A major survey of the impact of the Pop Art movement on culture from the 1960s onwards by over 60 artists from America, China, the Former Soviet Union and UK.

Who would’ve thought a borderline sociopath and devoutly homosexual voyeur like Andy Warhol would wind up siring so many children? Even though his work doesn’t feature, Warhol’s DNA is all over this exhibition of art made from the 1970s up to today, and it’s a potent stream of influence that takes you from New York to Moscow to Beijing.

Here’s an image of a Campbell’s soup can reimagined as a charred poster by the Russian duo Vitaly Komar and Alexander Melamid in 1973. Here’s another soup can picture, this time rendered as a dead-eyed pop art facsimile by 1980s US appropriation artist Mike Bidlo. And here’s Warhol’s famous image of Elvis shooting from the hip, given an early computer-art makeover by Belarus artist George Pusenkoff in his 1996 painting ‘Double Elvis (After Warhol)’, and morphed with Sid Vicious in YBA Gavin Turk’s semi-self-portrait ‘Ghost Pop’ (2012). Marilyn Monroe crops up, too, as a grinning foil to glum chops Stalin in New York-based Russian artist Leonid Sokov’s ‘Two Profiles’ (1989), and as a clever composite of Chairman Mao postcards in British artist David Mach’s ‘M&M’ (2014).
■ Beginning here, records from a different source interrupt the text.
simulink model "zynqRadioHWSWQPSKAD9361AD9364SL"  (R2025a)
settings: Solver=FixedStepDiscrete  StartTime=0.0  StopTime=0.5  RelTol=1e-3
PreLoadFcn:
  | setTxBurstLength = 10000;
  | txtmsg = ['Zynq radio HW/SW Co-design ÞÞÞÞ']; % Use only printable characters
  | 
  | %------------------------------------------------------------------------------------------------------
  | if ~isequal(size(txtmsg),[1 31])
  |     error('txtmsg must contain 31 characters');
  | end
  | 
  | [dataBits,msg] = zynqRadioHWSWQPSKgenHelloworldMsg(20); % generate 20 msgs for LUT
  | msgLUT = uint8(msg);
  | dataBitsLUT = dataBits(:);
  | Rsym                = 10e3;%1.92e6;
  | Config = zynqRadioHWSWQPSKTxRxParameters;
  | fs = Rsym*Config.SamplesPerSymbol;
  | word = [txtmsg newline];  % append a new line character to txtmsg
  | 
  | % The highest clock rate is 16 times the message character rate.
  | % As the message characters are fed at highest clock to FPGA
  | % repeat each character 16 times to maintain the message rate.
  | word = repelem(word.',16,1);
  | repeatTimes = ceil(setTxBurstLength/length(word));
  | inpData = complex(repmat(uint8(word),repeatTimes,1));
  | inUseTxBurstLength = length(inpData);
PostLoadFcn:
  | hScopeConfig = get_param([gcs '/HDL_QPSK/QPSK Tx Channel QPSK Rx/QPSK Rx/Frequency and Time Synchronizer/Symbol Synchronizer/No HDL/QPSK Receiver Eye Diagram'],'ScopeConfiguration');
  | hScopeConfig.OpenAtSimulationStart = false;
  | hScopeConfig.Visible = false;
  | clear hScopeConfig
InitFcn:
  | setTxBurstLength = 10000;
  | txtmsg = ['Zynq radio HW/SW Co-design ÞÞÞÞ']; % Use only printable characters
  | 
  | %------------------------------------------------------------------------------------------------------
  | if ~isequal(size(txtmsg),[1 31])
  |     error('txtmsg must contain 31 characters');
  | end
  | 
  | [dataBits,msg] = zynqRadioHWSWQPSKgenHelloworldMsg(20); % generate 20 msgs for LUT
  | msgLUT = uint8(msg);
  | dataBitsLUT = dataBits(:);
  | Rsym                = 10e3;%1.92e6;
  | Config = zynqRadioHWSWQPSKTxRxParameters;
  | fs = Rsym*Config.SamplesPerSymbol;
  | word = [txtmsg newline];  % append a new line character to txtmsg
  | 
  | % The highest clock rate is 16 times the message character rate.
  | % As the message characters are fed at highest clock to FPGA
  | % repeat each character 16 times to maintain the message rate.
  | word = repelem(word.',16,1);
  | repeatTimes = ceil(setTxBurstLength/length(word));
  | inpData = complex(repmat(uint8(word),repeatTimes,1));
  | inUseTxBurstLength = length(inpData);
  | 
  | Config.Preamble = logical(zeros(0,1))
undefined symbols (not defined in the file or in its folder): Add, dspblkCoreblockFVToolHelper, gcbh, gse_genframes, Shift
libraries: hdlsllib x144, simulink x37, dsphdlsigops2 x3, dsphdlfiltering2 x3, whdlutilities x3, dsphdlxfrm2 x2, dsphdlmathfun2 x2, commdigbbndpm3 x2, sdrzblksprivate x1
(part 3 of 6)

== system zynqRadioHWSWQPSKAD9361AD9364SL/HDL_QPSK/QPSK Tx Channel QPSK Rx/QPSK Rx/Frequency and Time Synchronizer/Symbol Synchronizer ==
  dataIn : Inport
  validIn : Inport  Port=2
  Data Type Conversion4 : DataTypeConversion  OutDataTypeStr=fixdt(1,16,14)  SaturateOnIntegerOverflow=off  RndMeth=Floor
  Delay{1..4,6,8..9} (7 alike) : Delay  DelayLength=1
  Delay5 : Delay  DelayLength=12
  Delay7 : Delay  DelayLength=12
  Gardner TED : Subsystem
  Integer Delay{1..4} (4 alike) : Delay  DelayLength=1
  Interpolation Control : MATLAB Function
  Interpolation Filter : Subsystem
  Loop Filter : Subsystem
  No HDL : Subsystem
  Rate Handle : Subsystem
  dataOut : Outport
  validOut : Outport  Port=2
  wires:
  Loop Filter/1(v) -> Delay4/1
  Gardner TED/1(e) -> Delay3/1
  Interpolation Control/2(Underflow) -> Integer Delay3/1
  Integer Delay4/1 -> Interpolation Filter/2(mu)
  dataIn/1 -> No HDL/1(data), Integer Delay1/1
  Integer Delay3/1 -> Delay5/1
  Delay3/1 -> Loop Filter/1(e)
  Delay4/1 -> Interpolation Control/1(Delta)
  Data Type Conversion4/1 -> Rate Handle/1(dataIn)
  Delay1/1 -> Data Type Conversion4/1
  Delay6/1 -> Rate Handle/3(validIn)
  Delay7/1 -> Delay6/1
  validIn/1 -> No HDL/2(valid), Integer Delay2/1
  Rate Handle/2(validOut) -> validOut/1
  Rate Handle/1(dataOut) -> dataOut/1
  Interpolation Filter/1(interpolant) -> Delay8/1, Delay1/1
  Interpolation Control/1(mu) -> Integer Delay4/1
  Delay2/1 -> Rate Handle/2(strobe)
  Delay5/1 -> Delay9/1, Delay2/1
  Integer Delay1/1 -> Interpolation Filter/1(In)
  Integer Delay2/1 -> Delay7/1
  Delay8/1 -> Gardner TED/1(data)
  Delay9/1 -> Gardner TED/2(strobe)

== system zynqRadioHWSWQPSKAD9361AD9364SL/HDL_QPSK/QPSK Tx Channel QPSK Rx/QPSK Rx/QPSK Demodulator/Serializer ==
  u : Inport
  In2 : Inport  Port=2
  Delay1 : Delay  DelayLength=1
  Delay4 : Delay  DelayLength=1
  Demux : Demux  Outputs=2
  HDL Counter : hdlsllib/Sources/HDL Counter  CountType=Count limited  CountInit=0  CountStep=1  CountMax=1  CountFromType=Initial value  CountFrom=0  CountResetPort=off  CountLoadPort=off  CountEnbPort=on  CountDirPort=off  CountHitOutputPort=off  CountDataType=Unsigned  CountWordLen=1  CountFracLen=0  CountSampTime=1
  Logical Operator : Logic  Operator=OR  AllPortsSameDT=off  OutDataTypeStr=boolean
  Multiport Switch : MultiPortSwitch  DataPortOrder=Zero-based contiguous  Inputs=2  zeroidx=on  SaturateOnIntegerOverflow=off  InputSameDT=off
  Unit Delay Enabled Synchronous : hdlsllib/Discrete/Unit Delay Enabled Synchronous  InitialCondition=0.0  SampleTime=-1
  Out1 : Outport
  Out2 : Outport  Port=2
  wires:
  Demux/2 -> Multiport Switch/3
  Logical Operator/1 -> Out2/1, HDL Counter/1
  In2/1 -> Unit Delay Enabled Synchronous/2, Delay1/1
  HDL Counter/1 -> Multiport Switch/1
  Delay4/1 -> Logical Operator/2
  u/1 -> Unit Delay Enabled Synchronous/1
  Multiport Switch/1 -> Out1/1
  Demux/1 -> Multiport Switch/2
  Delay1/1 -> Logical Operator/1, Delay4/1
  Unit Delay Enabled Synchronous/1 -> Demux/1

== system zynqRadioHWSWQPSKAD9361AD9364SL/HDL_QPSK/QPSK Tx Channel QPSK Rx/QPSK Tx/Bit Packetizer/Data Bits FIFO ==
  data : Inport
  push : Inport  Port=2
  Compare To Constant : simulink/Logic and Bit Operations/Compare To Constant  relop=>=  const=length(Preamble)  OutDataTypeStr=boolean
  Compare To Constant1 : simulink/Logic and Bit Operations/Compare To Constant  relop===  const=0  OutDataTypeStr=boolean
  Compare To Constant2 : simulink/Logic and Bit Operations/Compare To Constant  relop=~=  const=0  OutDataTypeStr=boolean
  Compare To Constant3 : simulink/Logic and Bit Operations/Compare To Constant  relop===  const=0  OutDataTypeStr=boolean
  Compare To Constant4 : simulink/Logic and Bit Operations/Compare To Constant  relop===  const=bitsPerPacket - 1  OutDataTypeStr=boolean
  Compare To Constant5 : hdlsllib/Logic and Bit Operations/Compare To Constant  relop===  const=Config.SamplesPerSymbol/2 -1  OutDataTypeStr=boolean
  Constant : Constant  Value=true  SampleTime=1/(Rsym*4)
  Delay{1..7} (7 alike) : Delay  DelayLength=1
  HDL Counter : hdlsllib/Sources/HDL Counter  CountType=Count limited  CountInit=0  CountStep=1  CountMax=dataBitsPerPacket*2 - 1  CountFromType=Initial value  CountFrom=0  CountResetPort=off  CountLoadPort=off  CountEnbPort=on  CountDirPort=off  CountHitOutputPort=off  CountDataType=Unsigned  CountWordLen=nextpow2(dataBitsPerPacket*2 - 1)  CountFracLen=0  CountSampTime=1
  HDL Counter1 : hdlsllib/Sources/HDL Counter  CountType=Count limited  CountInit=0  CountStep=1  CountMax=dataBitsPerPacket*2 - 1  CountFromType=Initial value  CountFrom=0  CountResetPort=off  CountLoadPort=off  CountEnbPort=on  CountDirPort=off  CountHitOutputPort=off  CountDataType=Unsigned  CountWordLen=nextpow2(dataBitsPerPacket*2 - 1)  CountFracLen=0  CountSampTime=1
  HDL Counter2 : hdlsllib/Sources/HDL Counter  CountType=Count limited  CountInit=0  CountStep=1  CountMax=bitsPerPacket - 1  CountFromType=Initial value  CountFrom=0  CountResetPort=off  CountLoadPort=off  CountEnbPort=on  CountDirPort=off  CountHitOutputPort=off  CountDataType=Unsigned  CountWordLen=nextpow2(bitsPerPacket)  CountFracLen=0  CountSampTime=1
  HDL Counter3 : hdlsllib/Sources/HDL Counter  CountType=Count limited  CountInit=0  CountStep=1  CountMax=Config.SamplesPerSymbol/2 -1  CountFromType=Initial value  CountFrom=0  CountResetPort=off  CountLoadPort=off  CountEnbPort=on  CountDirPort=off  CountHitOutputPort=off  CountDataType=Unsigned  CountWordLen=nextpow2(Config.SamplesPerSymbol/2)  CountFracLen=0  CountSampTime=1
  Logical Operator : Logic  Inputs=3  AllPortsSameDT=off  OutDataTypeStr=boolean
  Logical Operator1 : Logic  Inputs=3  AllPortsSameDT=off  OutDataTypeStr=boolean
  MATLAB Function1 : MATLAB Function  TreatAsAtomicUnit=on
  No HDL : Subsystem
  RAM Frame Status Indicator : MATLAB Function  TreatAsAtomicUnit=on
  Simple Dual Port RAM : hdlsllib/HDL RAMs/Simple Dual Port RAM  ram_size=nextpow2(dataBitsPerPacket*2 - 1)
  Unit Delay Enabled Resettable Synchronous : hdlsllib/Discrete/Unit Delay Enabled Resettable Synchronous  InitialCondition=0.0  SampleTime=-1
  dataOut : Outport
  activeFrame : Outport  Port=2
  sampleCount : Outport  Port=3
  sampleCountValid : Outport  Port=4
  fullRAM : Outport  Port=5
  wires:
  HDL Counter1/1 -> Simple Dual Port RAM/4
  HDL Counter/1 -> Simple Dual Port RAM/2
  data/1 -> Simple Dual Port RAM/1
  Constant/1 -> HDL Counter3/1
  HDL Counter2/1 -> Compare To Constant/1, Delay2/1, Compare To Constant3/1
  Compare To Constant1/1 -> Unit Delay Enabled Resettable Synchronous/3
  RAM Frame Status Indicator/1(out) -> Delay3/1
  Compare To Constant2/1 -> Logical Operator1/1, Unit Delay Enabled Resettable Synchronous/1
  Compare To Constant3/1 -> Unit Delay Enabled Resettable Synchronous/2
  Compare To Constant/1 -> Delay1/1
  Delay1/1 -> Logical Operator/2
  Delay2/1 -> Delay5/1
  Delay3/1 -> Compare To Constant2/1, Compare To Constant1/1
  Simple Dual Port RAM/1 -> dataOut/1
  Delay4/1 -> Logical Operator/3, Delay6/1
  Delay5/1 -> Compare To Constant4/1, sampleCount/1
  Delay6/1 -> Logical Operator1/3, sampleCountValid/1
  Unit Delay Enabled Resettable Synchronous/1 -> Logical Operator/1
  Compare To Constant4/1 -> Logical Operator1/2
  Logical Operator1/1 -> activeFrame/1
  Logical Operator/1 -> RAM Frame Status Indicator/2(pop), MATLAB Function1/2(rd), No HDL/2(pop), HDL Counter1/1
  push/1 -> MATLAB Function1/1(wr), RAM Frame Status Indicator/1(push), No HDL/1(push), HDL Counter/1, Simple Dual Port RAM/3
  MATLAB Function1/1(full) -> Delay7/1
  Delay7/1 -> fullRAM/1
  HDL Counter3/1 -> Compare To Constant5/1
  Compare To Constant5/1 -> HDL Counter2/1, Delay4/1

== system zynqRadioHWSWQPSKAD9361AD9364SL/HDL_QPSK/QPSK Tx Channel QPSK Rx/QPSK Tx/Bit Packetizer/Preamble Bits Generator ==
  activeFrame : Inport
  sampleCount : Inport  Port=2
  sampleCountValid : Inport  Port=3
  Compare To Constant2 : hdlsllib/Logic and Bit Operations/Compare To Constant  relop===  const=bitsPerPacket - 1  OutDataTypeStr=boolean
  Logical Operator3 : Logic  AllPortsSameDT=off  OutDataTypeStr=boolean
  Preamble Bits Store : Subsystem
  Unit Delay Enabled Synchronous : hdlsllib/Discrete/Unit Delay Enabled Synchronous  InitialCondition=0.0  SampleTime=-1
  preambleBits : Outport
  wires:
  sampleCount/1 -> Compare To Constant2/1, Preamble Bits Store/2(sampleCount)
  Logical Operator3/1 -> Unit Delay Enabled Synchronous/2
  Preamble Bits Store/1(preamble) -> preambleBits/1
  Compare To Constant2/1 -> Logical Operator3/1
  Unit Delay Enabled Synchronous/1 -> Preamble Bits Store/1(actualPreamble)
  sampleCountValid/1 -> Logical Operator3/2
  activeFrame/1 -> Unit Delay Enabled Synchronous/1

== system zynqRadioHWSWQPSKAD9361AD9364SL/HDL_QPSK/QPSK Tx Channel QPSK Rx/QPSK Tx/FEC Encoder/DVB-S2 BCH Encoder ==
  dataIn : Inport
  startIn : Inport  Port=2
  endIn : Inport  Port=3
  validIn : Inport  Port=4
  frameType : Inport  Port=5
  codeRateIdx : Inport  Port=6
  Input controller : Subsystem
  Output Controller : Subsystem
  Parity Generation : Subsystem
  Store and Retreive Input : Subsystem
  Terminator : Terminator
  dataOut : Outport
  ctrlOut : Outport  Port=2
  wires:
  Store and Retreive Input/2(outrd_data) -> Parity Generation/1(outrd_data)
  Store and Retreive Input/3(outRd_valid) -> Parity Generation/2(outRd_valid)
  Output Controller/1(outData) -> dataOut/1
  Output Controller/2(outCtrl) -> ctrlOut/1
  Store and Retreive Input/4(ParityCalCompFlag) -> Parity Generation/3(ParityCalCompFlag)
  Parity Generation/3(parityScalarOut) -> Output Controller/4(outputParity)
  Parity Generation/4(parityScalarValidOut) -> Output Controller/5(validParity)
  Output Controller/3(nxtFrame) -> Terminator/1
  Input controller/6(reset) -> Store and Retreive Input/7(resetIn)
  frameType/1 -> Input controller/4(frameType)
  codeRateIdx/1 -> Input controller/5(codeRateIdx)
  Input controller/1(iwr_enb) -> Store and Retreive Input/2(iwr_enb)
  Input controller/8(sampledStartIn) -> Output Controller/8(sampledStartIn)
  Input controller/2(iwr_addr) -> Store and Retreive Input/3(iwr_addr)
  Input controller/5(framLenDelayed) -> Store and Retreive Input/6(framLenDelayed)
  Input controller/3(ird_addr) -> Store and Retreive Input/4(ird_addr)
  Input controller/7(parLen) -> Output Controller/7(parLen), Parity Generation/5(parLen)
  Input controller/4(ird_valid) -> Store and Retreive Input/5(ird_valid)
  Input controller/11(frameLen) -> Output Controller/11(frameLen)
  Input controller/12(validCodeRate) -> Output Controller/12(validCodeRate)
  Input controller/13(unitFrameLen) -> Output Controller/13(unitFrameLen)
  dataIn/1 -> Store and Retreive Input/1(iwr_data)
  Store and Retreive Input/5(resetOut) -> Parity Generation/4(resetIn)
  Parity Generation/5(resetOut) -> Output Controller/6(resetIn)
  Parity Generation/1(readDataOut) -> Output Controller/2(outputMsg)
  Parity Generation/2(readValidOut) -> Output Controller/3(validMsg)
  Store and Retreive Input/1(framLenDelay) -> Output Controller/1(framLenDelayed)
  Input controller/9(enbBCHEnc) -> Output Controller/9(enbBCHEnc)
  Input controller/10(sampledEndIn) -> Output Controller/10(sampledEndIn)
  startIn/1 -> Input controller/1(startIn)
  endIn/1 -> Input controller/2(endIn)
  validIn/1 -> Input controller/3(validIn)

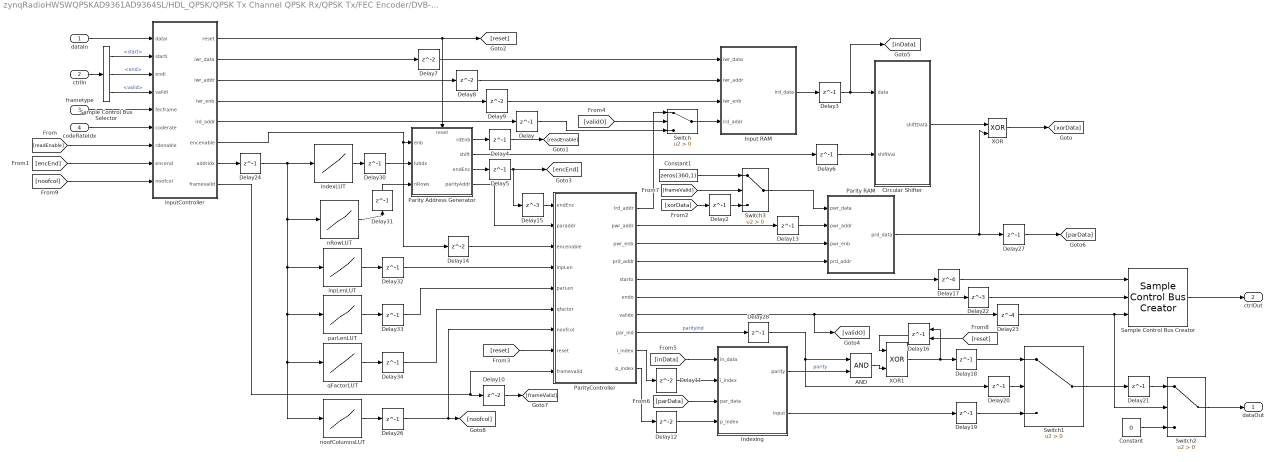
== system zynqRadioHWSWQPSKAD9361AD9364SL/HDL_QPSK/QPSK Tx Channel QPSK Rx/QPSK Tx/FEC Encoder/DVB-S2 LDPC Encoder ==
  dataIn : Inport
  ctrlIn : Inport  Port=2
  frametype : Inport  Port=3
  codeRateIdx : Inport  Port=4
  AND : Logic  IconShape=distinctive  AllPortsSameDT=off  OutDataTypeStr=boolean
  Circular Shifter : Subsystem
  Constant : Constant  Value=0  OutDataTypeStr=boolean  SampleTime=-1
  Constant1 : Constant  Value=zeros(360,1)  OutDataTypeStr=boolean  SampleTime=-1
  Delay{,2..6,13,18..21,24,26..28,30..34} (20 alike) : Delay  DelayLength=1
  Delay{7..10,14} (5 alike) : Delay
  Delay11 : Delay  InitialCondition=1
  Delay12 : Delay  InitialCondition=1
  Delay15 : Delay  DelayLength=3
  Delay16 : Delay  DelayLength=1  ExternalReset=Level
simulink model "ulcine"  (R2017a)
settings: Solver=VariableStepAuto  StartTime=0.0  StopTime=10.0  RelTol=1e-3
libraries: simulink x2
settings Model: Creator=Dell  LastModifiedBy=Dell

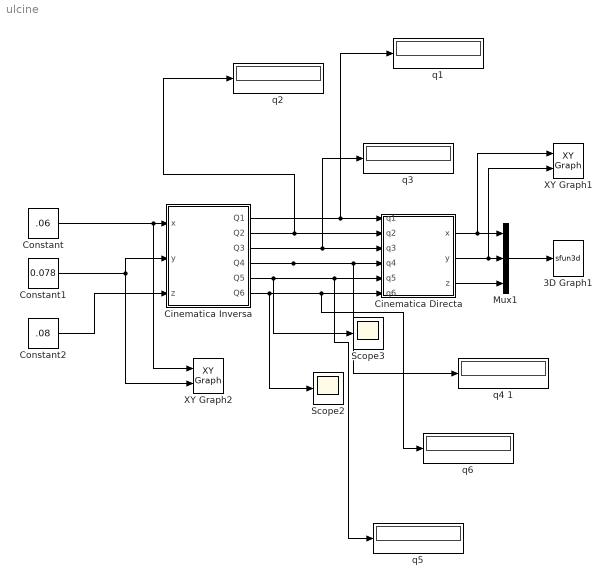
== system ulcine ==
  3D Graph1 : S-Function  LoadFcn=if exist('sfun3d','file'), sfun3d([],[],[],'LoadBlock'); end  FunctionName=sfun3d  Parameters=ax,T,np,cp,gd,ls,mk,mx,hd,tb  SFunctionDeploymentMode=off  EnableBusSupport=off  mask(3D Graph){np=1, ax=[-.5 0.5 -.5 0.5 -.5 .5], mx=2000, T=-1, cp=[370 -234 -207], gd=on, hd=on, tb=off, ls=-, mk=none}
      mask prompts: np "Number of moving points (lines)"; ax "Range: [xmin xmax  ymin ymax zmin zmax]"; mx "Max number of points in each line"; T "Sampling Time"; cp "Camera position (use [0 0 1] for 2D XY view)"; gd "Grid (on|off)"; hd "HeadMarkers (on|off)"; tb "Toolbar (on|off)"; ls "LineStyle"; mk "LineMarker"
      mask help:
      | This block plots the position of several points in the XYZ space. The input contains the coordinates of all the points (x1,y1,z1,x2,y2,z2,...).
      | The number of moving points (lines), the XYZ ranges, sampling time, camera position, and grid (among other things) can be set as mask parameters.
      settings: CopyFcn=if exist('sfun3d','file'), sfun3d([],[],[],'CopyBlock'); end  DeleteFcn=if exist('sfun3d','file'), sfun3d([],[],[],'DeleteBlock'); end  NameChangeFcn=if exist('sfun3d','file'), sfun3d([],[],[],'NameChange'); end
      mask Help:
      | This block plots the position of several points in the XYZ space. The input contains the coordinates of all the points (x1,y1,z1,x2,y2,z2,...).
      | The number of moving points (lines), the XYZ ranges, sampling time, camera position, and grid (among other things) can be set as mask parameters.
      mask TypeOptions ls: - | -- | : | -. | none
      mask TypeOptions mk: none | . | + | o | * | x | square | diamond | v | ^ | > | < | pentagram | hexagram
      mask Display: plot([.05 .95 .95 .05 .05],[.45 .45 .95 .95 .45], 0.5+cos(0:0.1:2*pi)*0.3,0.7+sin(0:0.1:2*pi)*0.2)
  Cinematica Directa : MATLAB Function  TreatAsAtomicUnit=on
  "Cinematica Inversa " : MATLAB Function  TreatAsAtomicUnit=on
  Constant : Constant  Value=.06
  Constant1 : Constant  Value=0.078
  Constant2 : Constant  Value=.08
  Mux1 : Mux  Inputs=3
  Scope2 : Scope
  Scope3 : Scope
  XY Graph1 : simulink/Sinks/XY Graph  xmin=-.5  xmax=.5  ymin=-.5  ymax=.5  st=-1
  XY Graph2 : simulink/Sinks/XY Graph  xmin=-.5  xmax=.5  ymin=-.5  ymax=.5  st=-1
  "q1 " : Display
  "q2 " : Display
  "q3 " : Display
  q4 1 : Display
  "q5 " : Display
  "q6 " : Display
  wires:
  Cinematica Directa/3(z) -> Mux1/3
  Cinematica Directa/2(y) -> XY Graph1/2, Mux1/2
  "Cinematica Inversa "/6(Q6) -> "q6 "/1, Cinematica Directa/6(q6), Scope2/1
  "Cinematica Inversa "/4(Q4) -> q4 1/1, Cinematica Directa/4(q4)
  Constant/1 -> XY Graph2/1, "Cinematica Inversa "/1(x)
  "Cinematica Inversa "/5(Q5) -> "q5 "/1, Cinematica Directa/5(q5), Scope3/1
  Cinematica Directa/1(x) -> XY Graph1/1, Mux1/1
  "Cinematica Inversa "/1(Q1) -> "q1 "/1, Cinematica Directa/1(q1)
  Constant1/1 -> "Cinematica Inversa "/2(y), XY Graph2/2
  Mux1/1 -> 3D Graph1/1
  Constant2/1 -> "Cinematica Inversa "/3(z)
  "Cinematica Inversa "/3(Q3) -> "q3 "/1, Cinematica Directa/3(q3)
  "Cinematica Inversa "/2(Q2) -> "q2 "/1, Cinematica Directa/2(q2)

== matlab function ulcine/Cinematica Directa ==
  data: x output; q1 input; y output; z output; q2 input; q3 input; q4 input; q5 input; q6 input
function [x,y,z]= fcn(q1,q2,q3,q4,q5,q6)
 %segunda CD es de alex                                                                                          
% longitud en metros 
l1=0.190;
l2=.04;
l3=0.110;
l4=0.210;
l5=0.05;

Pos=[l2*cos(q1) + l3*cos(q1)*cos(q2) + l4*cos(q1)*cos(q2)*cos(q3) - l4*cos(q1)*sin(q2)*sin(q3) + l5*sin(q1)*sin(q4)*sin(q5) + l5*cos(q1)*cos(q2)*cos(q3)*cos(q5) - l5*cos(q1)*cos(q5)*sin(q2)*sin(q3) - l5*cos(q1)*cos(q2)*cos(q4)*sin(q3)*sin(q5) - l5*cos(q1)*cos(q3)*cos(q4)*sin(q2)*sin(q5);
    l2*sin(q1) + l3*cos(q2)*sin(q1) + l4*cos(q2)*cos(q3)*sin(q1) - l5*cos(q1)*sin(q4)*sin(q5) - l4*sin(q1)*sin(q2)*sin(q3) + l5*cos(q2)*cos(q3)*cos(q5)*sin(q1) - l5*cos(q5)*sin(q1)*sin(q2)*sin(q3) - l5*cos(q2)*cos(q4)*sin(q1)*sin(q3)*sin(q5) - l5*cos(q3)*cos(q4)*sin(q1)*sin(q2)*sin(q5); 
    l1 + l3*sin(q2) + l4*cos(q2)*sin(q3) + l4*cos(q3)*sin(q2) + l5*cos(q2)*cos(q5)*sin(q3) + l5*cos(q3)*cos(q5)*sin(q2) + l5*cos(q2)*cos(q3)*cos(q4)*sin(q5) - l5*cos(q4)*sin(q2)*sin(q3)*sin(q5)]

%cinemática directa 
%x = Pos(1);
%y = Pos(2); %signo (- )para que cambie el cuadrante 
%z = Pos(3);

x=Pos(1);
y=Pos(2);
z=Pos(3);

== matlab function ulcine/Cinematica Inversa  ==
  data: Q1 output; x input; Q2 output; Q3 output; y input; z input; Q4 output; Q5 output; Q6 output
function [Q1,Q2,Q3,Q4,Q5,Q6] = fcn(x,y,z) % cinematic acon valores nuevos 
l1=0.190;
l2=0.04;
l3=0.110;
l4=0.210;
l5=0.05;


%%%codo Arriba
r=sqrt(x^2+y^2);
ca=r-l2; %%
co=z-l1; %%
Q1 = atan2(y,x);
hi=sqrt(ca^2+co^2);
C3 =((-hi^2+l3^2+l4^2)/(-2*l4*l3));
Q3= atan2(-sqrt(1-C3^2),C3); %%Codo Arriba
Q2=atan2(co,ca)-atan2(l4*sin(Q3),l3+l4*cos(Q3));


Q4=atan2(cos(Q1),sin(Q2+Q3)*sin(Q1))
Q5=atan2(sqrt(1-(cos(Q2+Q3)*cos(Q1))),cos(Q2+Q3)*cos(Q1))
Q6=atan2(sin(Q2+Q3),cos(Q2+Q3)*cos(Q1))

The show sets out to tell us why pop art, that most disposable of twentieth-century art movements, has had such an enduring global influence,taken up by artists from fundamentally different cultures and backgrounds. But it doesn’t, at least not in any straightforward way. However through the sheer amount of stuff on display, it does reveal just how easily the subjects of mass consumerism and advertising – logos, movie stars –can be co-opted by pop to say pretty much whatever you want them to. For every message and standpoint you’ll find the opposite. One minute you’re looking at Wang Guangyi’s ‘Great Criticism’ paintings (1992), in which Chinese workers appear to wage war on the logos of Western brands. Next, you’re enjoying the gaudy realism of Fang Lijun’s canvas ‘2011-2012’, which seems at first glance to celebrate the spoils of the free market. Andy’s fright wig would bristle with approval at the ambiguity of it all.

Drawn from various collections (though, curiously, not Charles Saatchi’s own) the show is exhaustive and exhausting, and genuinely thrilling in parts, with its smattering of contemporary masterpieces including Cindy Sherman’s sex-doll photo series and Andres Serrano’s ‘Immersions (Piss Christ)’ (1987). It starts sedately enough with mostly monochrome furniture sculptures by Rachel Whiteread, Clay Ketter and Robert Gober. But it quickly descends into glorious chaos with works such as Ilya and Emilia Kabakov’s ‘Unfinished Installation’ (1995) of half-opened boxes, and Tom Sachs’s cobbled together ‘Nutsy’s McDonald’s’ (2001) fast-food stand. As you walk into one room on the first floor, it takes a moment to realise you’re in the gallery shop and not another faux-consumer environment.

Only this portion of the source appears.